• PROMPT: What lines in the material hold the string "knots"? Return every one of them.

====== LISTED ENTRIES ======

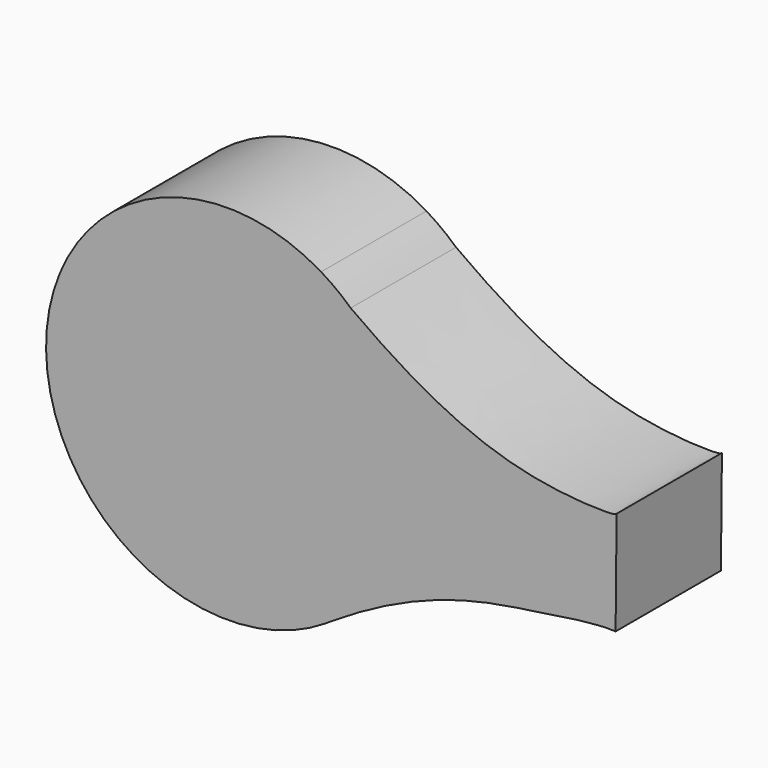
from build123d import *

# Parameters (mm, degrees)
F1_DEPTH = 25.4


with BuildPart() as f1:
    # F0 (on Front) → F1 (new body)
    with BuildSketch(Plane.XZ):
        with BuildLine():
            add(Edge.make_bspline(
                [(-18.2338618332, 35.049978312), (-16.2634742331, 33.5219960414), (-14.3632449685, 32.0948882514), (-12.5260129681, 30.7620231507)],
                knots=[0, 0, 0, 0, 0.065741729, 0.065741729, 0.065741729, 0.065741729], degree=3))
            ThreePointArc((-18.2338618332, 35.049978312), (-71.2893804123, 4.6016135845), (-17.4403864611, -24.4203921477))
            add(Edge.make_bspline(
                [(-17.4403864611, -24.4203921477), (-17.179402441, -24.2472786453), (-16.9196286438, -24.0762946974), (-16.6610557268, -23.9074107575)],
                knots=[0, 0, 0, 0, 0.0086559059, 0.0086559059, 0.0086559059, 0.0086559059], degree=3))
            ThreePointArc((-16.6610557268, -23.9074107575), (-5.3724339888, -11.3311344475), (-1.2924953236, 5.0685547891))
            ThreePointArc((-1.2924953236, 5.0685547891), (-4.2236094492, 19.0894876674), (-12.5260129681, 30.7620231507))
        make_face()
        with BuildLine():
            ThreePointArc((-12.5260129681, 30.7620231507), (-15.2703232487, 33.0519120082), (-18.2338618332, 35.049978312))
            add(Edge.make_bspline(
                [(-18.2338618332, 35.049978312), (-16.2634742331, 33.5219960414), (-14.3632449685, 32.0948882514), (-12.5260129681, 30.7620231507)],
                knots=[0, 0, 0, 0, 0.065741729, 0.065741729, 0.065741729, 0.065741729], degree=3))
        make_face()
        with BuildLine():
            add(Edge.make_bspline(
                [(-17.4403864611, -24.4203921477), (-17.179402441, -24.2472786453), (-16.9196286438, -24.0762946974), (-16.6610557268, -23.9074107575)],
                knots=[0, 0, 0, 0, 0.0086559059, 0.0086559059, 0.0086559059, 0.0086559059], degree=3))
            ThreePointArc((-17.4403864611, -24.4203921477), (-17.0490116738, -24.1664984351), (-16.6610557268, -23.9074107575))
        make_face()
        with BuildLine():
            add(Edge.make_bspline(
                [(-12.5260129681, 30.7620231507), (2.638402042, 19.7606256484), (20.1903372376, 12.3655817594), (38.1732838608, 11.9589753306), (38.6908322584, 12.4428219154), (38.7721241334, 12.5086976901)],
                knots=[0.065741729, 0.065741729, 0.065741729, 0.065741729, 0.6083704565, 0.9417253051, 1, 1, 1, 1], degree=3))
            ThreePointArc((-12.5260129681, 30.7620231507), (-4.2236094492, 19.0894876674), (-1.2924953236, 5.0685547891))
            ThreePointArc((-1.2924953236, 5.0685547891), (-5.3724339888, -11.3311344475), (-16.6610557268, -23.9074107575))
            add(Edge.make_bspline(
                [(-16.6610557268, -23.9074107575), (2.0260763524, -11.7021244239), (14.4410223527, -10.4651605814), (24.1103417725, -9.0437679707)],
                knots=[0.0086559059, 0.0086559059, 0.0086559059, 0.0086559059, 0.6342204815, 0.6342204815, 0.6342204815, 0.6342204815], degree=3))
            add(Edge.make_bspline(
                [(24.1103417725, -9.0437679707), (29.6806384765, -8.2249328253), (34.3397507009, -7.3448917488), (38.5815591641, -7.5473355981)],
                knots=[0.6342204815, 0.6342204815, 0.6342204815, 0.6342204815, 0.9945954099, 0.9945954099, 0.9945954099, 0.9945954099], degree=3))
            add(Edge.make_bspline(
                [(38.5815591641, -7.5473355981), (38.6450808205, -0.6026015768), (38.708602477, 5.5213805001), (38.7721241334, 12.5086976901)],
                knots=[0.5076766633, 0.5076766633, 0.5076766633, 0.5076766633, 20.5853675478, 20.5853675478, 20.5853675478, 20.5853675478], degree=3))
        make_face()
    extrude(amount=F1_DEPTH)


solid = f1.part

======

• RESULT BELOW:
                knots=[0, 0, 0, 0, 0.065741729, 0.065741729, 0.065741729, 0.065741729], degree=3))
                knots=[0, 0, 0, 0, 0.0086559059, 0.0086559059, 0.0086559059, 0.0086559059], degree=3))
                knots=[0, 0, 0, 0, 0.065741729, 0.065741729, 0.065741729, 0.065741729], degree=3))
                knots=[0, 0, 0, 0, 0.0086559059, 0.0086559059, 0.0086559059, 0.0086559059], degree=3))
                knots=[0.065741729, 0.065741729, 0.065741729, 0.065741729, 0.6083704565, 0.9417253051, 1, 1, 1, 1], degree=3))
                knots=[0.0086559059, 0.0086559059, 0.0086559059, 0.0086559059, 0.6342204815, 0.6342204815, 0.6342204815, 0.6342204815], degree=3))
                knots=[0.6342204815, 0.6342204815, 0.6342204815, 0.6342204815, 0.9945954099, 0.9945954099, 0.9945954099, 0.9945954099], degree=3))
                knots=[0.5076766633, 0.5076766633, 0.5076766633, 0.5076766633, 20.5853675478, 20.5853675478, 20.5853675478, 20.5853675478], degree=3))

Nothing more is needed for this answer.